Continue with the rain variable from last time. Again, In R, remember to treat the variable as a factor variable and not a discrete variable. Fit the same model as last time. That is, fit a linear model for log(beer_cons_liters) using weekend, rain, and temp_median_c as your predictors.

  1. Write a code for doing \(k\)-fold cross validation. Refer back to the class notes for details on \(k\)-fold cross validation. Let \(k=10\) and use average RMSE as the metric for quantifying predictive error. What is the average RMSE for your regression model?

    If you were able to complete this question last time, just write your answer down again.

    Hint: if you are not sure how to begin writing your code for doing the cross validation, you should consider writing a “for loop”. A “for loop” is actually not the most efficient way to get this done but it will work just fine here. If you don’t know how to write a “for loop”, use the skeleton code below as a guide for writing your own “for loop” for this question.

    # Suppose your data is stored in the object "Data"
    # First set a seed to ensure your results are reproducible
    set.seed(...) # use whatever number you want
    # Now randomly re-shuffle the data
    Data <- Data[sample(nrow(Data)),]
    # Define the number of folds you want
    K <- ...
    # Define a matrix to save your results into
    RSME <- matrix(0,nrow=K,ncol=1)
    # Split the row indexes into k equal parts
    kth_fold <- cut(seq(1,nrow(Data)),breaks=K,labels=FALSE)
    # Now write the for loop for the k-fold cross validation
    for(k in 1:K){
    # Split your data into the training and test datasets
    test_index <- which(kth_fold==k)
    train <- Data[-test_index,]
    test <- Data[test_index,]
    # Now that you've split the data, 
    RSME[k,] <- ... # write your code for computing RMSE for each k here
    # You should consider using your code for question 7 above
    }
    ... #Calculate the average of all values in the RSME matrix here.
  2. Now, do EDA to explore interaction effects between all your predictors. Summarize your findings in a few sentences.

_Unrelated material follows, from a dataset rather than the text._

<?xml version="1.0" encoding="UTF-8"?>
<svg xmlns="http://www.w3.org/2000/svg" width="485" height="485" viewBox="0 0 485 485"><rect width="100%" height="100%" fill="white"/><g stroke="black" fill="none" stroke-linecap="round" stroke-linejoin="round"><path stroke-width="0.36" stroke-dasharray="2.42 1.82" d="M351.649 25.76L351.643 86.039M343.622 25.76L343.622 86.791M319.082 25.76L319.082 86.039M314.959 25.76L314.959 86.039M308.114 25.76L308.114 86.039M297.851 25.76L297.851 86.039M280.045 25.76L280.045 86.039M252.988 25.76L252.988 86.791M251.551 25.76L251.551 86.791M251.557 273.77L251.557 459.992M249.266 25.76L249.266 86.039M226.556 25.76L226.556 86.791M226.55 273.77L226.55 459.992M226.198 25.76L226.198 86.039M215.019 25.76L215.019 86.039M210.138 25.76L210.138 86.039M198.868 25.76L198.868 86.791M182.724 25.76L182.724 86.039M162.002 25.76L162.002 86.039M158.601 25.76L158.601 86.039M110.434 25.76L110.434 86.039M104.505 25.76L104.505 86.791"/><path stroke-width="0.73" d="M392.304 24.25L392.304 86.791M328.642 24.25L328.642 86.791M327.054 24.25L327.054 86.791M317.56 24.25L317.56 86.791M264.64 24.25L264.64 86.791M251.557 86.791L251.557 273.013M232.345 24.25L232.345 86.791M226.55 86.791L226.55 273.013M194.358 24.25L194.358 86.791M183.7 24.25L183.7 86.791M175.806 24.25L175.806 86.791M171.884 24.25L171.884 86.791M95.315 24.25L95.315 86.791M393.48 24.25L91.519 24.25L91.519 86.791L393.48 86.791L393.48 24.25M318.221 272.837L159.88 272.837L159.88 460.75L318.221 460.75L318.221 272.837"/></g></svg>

  3. Extend your linear model to include interaction terms between weekend and the other two predictors. Are the interaction terms significant? What are the implications of these findings in the context of the data?

    To include an interaction term between two variables x1 and x2 in your linear model, use

    "model object here" <- lm(y ~ x1 + x2 + x1:x2)

    OR

    "model object here" <- lm(y ~ x1*x2)
  4. Do stepwise model selection using AIC and BIC with the “full model” set to the model from question 3. Summarize your findings in a few sentences.

  5. Use your code for the \(k\)-fold cross validation from question 1 to compute the average RMSE for the new model in question 3. Is the new RMSE model lower or higher than your result from question 1? What can you infer from that?

Acknowledgement

This exercise is based on ideas proposed by Sam Voisin.